Thursday, January 01, 2009

Movie: Cat on a Hot Tin Roof

I don't think I have babbled on much about Paul Newman on this blog. I love him. LOVE him. I was sad when he passed away this year, but not too sad as he lived a long and fulfilling life, was known for being a family man, and was an amazing actor. My mom bought me a collection of Tennessee Williams plays (he is one of my favorite playwrights) for Christmas. This jogged my memory that I really enjoyed Cat on a Hot Tin Roof when I watched it a while back, so I picked it up at the library to give it a good re-watching. Newman and Liz Taylor are breathtakingly gorgeous and the story itself breaks my heart. Let's review:

Brick (Paul Newman) and his wife Maggie (Elizabeth Taylor) are home at Brick's parents house, awaiting health news of his father (Big Daddy, played by Burl Ives) and preparing to celebrate his 65th birthday that evening. We soon discover that Brick and Maggie have a cold and unloving relationship. She is manipulative and he is an alcoholic. Through the course of the evening, it is revealed that Big Daddy is dying of cancer. Much time is spent arguing between Maggie and sister-in-law Mae about who will inherit the thousands of acres of successful cotton farm and the $10 million that Big Daddy is worth. In the meantime, Big Daddy and Brick have it out about why he is an alcoholic and why he won't sleep with his wife Maggie. Amazingly, all problems are resolved through a good bit of yelling and crying.

Brick - Apparently, Paul Newman (and Liz Taylor) were on the brink of super-stardom at the time they shot this film. This film was the vehicle that catapulted them both forward. It was a very mature role for Newman to be playing. He was amazing. His anger and bitterness and shame weren't enough to hide how beautiful he is to look at, but it was enough to believe it anyway.

Maggie - This kind of acting doesn't really exist anymore. Women don't do this over the top Southern thing like they used to (see Vivien Leigh...), but at the time it was considered top notch acting. And I am pretty sure Elizabeth Taylor nailed it (but I can't properly judge since I don't see it enough to know). Even though she is rather manipulative, both with Brick and with Big Daddy (for his money), you just feel sorry for her. She has a horrible marriage, she is poor and lonely.

I discovered after this second viewing that Tennessee Williams was very unhappy with this production and that it veered wildly from the original play (some parts were censored, and some just changed). So I sat down with my new book to see the difference. I have to say it was quite different. In the movie, Brick blames himself for the death of a close friend, Skipper, who he incorrectly believes to have had an affair with Maggie. The truth comes out that she was faithful and Brick was able to realize he had taken out his grief on her, when he was really disgusted with himself for the suicide. Conversely, in the book, while Brick does blame himself for Skipper's death, there is a whole gay layer to the relationship. It is quite clear that Skipper was in love with Brick, so he does sleep with Maggie to prove he is not in love with Brick. When this doesn't work, he kills himself. The question is whether Brick felt the same, and it seems he did but wouldn't admit it.
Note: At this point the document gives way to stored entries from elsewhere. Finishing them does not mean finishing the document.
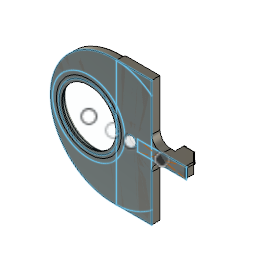
52mm filter holder (Autodesk Fusion 360 design; units mm, degrees)
Autodesk Fusion 360 part; units mm, degrees
other "Base Mesh Feature1"
sketch "Sketch1" plane through (0, 0, 0) normal (1, 0, 0) x (0, 1, 0)
sketch "Sketch2" plane through (0, 0, 0) normal (0, 1, 0) x (1, 0, 0)
  line L0 (61.452474, -115.997991) -> (93.991658, -115.997991)
  line L1 (93.991658, -115.997991) -> (93.991658, -0.000968)
  line L2 (93.991658, -0.000968) -> (61.452474, -0.000968)
  line L3 (61.452474, -0.000968) -> (61.452474, -115.997991)
  arc A0 (93.991658, -12.144928) -> (93.991658, -103.854032) centre (58.342548, -57.99948) ccw
  circle A1 centre (75.007736, -57.988843) radius 4.489901
  circle A2 centre (35.846582, -57.916383) radius 33.452473
  circle A3 centre (35.846582, -57.916383) radius 27.5
  dimension "d1" = 55
  constraint perpendicular L0 L1
  constraint parallel L0 L2
  constraint parallel L1 L3
  constraint horizontal L0
  constraint concentric A2 A3
  measures "d1" diameter of A3
sketch "Sketch3" plane through (0, 0, 0) normal (0, 1, 0) x (1, 0, 0)
  line L0 (81.123679, -52.444918) -> (126.123679, -52.444918)
  line L1 (126.123679, -52.444918) -> (126.123679, -62.444918)
  line L2 (126.123679, -62.444918) -> (81.123679, -62.444918)
  line L3 (81.123679, -62.444918) -> (81.123679, -52.444918)
  line L4 (81.123679, -52.444918) -> (126.123679, -62.444918) construction
  line L5 (126.123679, -52.444918) -> (81.123679, -62.444918) construction
  point P0 (103.623679, -57.444918)
  dimension "d2" = 45
  dimension "d3" = 10
  constraint horizontal L0
  constraint perpendicular L0 L1
  constraint parallel L0 L2
  constraint parallel L1 L3
extrude "Extrude1" add sketch "Sketch3" sketch "Sketch2" along normal blind 7.75 contours L0 L1 L2 L3 picked at (96.123679, -59.111585) of sketch 2 contours L0 L1 A0 | L3 A0 A2 | L1 L3 A0 A2 | L3 A2 A3 | L3 A2 A3 | L1 L2 A0 picked at (92.052301, -109.229105) picked at (54.685817, -106.726274) picked at (89.160318, -57.995934) picked at (58.004249, -35.668658) picked at (65.283815, -68.878298) picked at (92.052301, -6.769855) makes body 1
sketch "Sketch4" plane through (0, 0, 0) normal (0, 1, 0) x (1, 0, 0)
  circle A0 centre (35.831406, -57.884516) radius 25
  circle A1 centre (35.831406, -57.884516) radius 30
  dimension "d6" = 50
  dimension "d7" = 5
  measures "d6" diameter of A0
extrude "Extrude2" add sketch "Sketch4" along normal blind 1 separate body contours A1 picked at (64.053048, -59.374939) makes body 2
chamfer "Chamfer1" distance 1 distance2 4.5 1 edges at (70.821679, 7.75, 56.365225) measured on face at (70.483213, 7.75, 102.872372) on bodies 1
sketch "Sketch5" plane through (0, 7.75, 0) normal (0, 1, 0) x (-1, 0, 0)
  circle A0 centre (-35.846582, 57.916383) radius 27.5
  line L0 (-93.991658, 62.444918) -> (-126.123679, 62.444918)
  line L1 (-126.123679, 62.444918) -> (-126.123679, 52.444918)
  line L2 (-126.123679, 52.444918) -> (-93.991658, 52.444918)
  line L3 (-93.991658, 52.444918) -> (-93.991658, 0.000968)
  line L4 (-93.991658, 0.000968) -> (-61.452474, 0.000968)
  arc A1 (-61.452474, 0.000968) -> (-61.452474, 115.997991) centre (-58.342548, 57.99948) ccw
  line L5 (-61.452474, 115.997991) -> (-93.991658, 115.997991)
  line L6 (-93.991658, 115.997991) -> (-93.991658, 62.444918)
  circle A2 centre (-75.007736, 57.988843) radius 5.489901
  line L7 (-126.123679, 62.444918) -> (-122.123679, 62.444918)
  line L8 (-122.123679, 62.444918) -> (-122.123679, 51.688197)
  line L9 (-122.123679, 51.688197) -> (-126.123679, 51.688197)
  line L10 (-126.123679, 51.688197) -> (-126.123679, 62.444918)
  dimension "d12" = 4
  constraint horizontal L7
  constraint vertical L8
  constraint horizontal L9
  constraint vertical L10
fillet "Fillet1" radius 3 1 edges at (10.20758, 7.75, 47.971959) on bodies 1
fillet "Fillet2" radius 1 1 edges at (69.889352, 7.75, 59.974076) on bodies 1
fillet "Fillet3" radius 2 1 edges at (0.260718, 7.75, 57.99948) on bodies 1
sketch "Sketch7" plane through (0, 7.75, 0) normal (0, 1, 0) x (-1, 0, 0)
  arc A0 (-63.452474, 115.997991) -> (-61.345386, 114.00086) centre (-61.452474, 115.997991) ccw
  line L0 (-63.452474, 115.997991) -> (-93.991658, 115.997991)
  line L1 (-93.991658, 115.997991) -> (-93.991658, 62.444918)
  line L2 (-93.991658, 62.444918) -> (-126.123679, 62.444918)
  line L3 (-126.123679, 62.444918) -> (-126.123679, 52.444918)
  line L4 (-126.123679, 52.444918) -> (-93.991658, 52.444918)
  line L5 (-93.991658, 52.444918) -> (-93.991658, 0.000968)
  line L6 (-93.991658, 0.000968) -> (-63.452474, 0.000968)
  arc A1 (-61.345386, 1.998099) -> (-63.452474, 0.000968) centre (-61.452474, 0.000968) ccw
  arc A2 (-61.345386, 1.998099) -> (-61.345386, 114.00086) centre (-58.342548, 57.99948) ccw
  circle A3 centre (-35.846582, 57.916383) radius 30.5
  circle A4 centre (-75.007736, 57.988843) radius 6.292072
  line L7 (-117.844827, 62.444918) -> (-107.844827, 62.444918)
  line L8 (-107.844827, 62.444918) -> (-107.844827, 52.444918)
  line L9 (-107.844827, 52.444918) -> (-117.844827, 52.444918)
  line L10 (-117.844827, 52.444918) -> (-117.844827, 62.444918)
  dimension "d27" = 10
  dimension "d28" = 10
  constraint horizontal L7
  constraint vertical L8
  constraint horizontal L9
  constraint vertical L10
extrude "Extrude4" add sketch "Sketch7" along normal blind 10 contours L2 L4 L7 L8 L9 L10 picked at (-114.511494, 55.778252) bodies 1
chamfer "Chamfer2" distance 7 angle 45 1 edges at (117.844827, 7.75, 57.444918) on bodies 1
fillet "Fillet7" radius 2 1 faces at (114.511494, 17.75, 55.778252) on bodies 1
fillet "Fillet8" radius 1 1 faces at (126.123679, 2.583333, 55.778252) on bodies 1
fillet "Fillet9" radius 10 1 edges at (93.991658, 3.875, 52.444918) on bodies 1
fillet "Fillet10" radius 10 1 edges at (93.991658, 3.875, 62.444918) on bodies 1

In the movie, things are tied up nice and neat. Brick lets Big Daddy have it by telling him he never loved any of his children or his wife. So Big Daddy acts nice to everyone, like he learned his lesson. Big Daddy asks alcoholic Brick if he wants and drink, and he says no. Maggie lies to the family and says she is pregnant (which can not be since they sleep separately), so Brick decides he is done with the deceit and moves to the bed, where things are all patched up. It was a nice ending, but certainly not how Williams wrote it. He wrote stuff that was more real and human than that.

The play ends with more manipulating, lying and deceiving. Big Daddy isn't any nicer to anyone, Maggie seduces Brick, but mainly because he is so pumped full of alcohol he doesn't have a choice.

OK I am clearly analyzing this stuff a lot. But I just spent 3 days watching the movie and reading the book. I am kind of saturated with it. If you don't mind (or care) that the movie deviates so much from the play, then watch it. The acting is great (some of the characters are extremely annoying: Mae, Big Mama, the children, but that is how they are written). Did I mention that Paul Newman is gorgeous??